Massachusetts Historical Commission - 2009 Preservation Award Winners
Plymouth Rock Portico • Plymouth
Plymouth Rock Portico • Plymouth

Rehabilitation & Restoration

The Classical Revival-style Plymouth Rock Portico was built over the famous rock in 1921 to honor the 300th anniversary of the landing of the Pilgrims. Designed by the prominent architectural firm of McKim, Mead, and White, the portico’s features include a magnificent Guastavino-tiled dome. The structure’s waterfront location and open design had allowed seawater to penetrate inside and below the building at high tides. Over time, saltwater combined with other environmental factors to cause extensive surface and structural damage. Little mortar remained between the granite blocks, and decomposing tiles were falling from the dome. Conditions required the installation of a large net under the dome to catch falling tiles and prevent injury to tourists and staff.

The restoration of the Plymouth Rock Portico has returned the structure to its original aesthetic intent and has corrected significant structural problems.

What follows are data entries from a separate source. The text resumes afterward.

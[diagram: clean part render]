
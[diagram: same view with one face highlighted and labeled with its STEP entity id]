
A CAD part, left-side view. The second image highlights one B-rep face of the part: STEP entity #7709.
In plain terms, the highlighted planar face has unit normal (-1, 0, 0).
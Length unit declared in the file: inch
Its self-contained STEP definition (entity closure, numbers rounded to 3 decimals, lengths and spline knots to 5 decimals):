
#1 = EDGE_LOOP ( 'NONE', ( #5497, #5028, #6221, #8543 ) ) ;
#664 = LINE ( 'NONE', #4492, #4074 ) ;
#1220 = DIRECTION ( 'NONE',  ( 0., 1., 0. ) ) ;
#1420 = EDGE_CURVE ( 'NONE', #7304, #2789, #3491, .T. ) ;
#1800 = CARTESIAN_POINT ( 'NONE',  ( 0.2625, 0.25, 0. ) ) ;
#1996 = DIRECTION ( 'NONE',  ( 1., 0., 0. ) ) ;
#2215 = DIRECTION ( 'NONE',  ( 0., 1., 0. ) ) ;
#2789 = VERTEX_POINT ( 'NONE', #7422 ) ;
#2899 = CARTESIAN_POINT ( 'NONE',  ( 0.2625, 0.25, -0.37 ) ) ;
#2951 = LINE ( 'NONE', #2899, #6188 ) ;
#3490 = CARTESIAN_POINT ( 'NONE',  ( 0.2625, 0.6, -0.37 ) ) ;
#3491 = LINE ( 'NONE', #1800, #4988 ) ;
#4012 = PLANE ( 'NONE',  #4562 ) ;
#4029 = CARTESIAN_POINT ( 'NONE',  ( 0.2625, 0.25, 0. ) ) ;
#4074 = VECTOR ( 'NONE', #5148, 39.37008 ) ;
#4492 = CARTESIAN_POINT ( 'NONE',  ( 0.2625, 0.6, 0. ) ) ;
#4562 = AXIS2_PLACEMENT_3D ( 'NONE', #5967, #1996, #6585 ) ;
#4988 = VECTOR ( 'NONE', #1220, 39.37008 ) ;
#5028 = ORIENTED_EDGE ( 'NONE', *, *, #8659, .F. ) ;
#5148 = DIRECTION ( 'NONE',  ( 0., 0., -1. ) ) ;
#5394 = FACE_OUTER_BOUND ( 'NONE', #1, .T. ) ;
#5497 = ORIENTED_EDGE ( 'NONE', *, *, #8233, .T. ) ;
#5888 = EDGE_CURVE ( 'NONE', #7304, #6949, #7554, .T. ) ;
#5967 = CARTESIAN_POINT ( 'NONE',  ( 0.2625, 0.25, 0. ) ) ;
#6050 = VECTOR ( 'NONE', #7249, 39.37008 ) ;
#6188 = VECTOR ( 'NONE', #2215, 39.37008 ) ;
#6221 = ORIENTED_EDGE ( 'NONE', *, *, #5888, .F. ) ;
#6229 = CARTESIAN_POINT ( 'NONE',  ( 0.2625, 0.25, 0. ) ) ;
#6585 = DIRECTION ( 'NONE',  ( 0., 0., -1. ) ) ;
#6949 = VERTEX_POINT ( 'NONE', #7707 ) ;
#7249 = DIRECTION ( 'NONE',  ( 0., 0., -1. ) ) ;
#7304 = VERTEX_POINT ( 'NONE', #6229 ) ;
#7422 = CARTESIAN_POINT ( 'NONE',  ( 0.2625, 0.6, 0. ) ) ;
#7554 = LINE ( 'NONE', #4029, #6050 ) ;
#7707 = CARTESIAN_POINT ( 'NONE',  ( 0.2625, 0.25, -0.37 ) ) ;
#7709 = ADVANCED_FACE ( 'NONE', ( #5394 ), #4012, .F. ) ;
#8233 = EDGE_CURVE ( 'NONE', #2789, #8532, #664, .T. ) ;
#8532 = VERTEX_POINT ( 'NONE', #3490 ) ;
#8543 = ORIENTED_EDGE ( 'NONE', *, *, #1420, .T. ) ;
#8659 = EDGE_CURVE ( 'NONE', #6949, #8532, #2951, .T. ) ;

Mortar analysis was conducted to determine appropriate mortar replacement, with specific formulas for tidal and non-tidal areas. The granite was completely cleaned, and copper scuppers were replaced to ensure proper precipitation drainage. Restoration of the Guastavino dome involved custom manufacturing of matching replacement tiles, which required four test firings. Newly restored, the Plymouth Rock Portico has been ensured a place of continued prominence on the Plymouth waterfront, where it will continue to greatly benefit area tourism.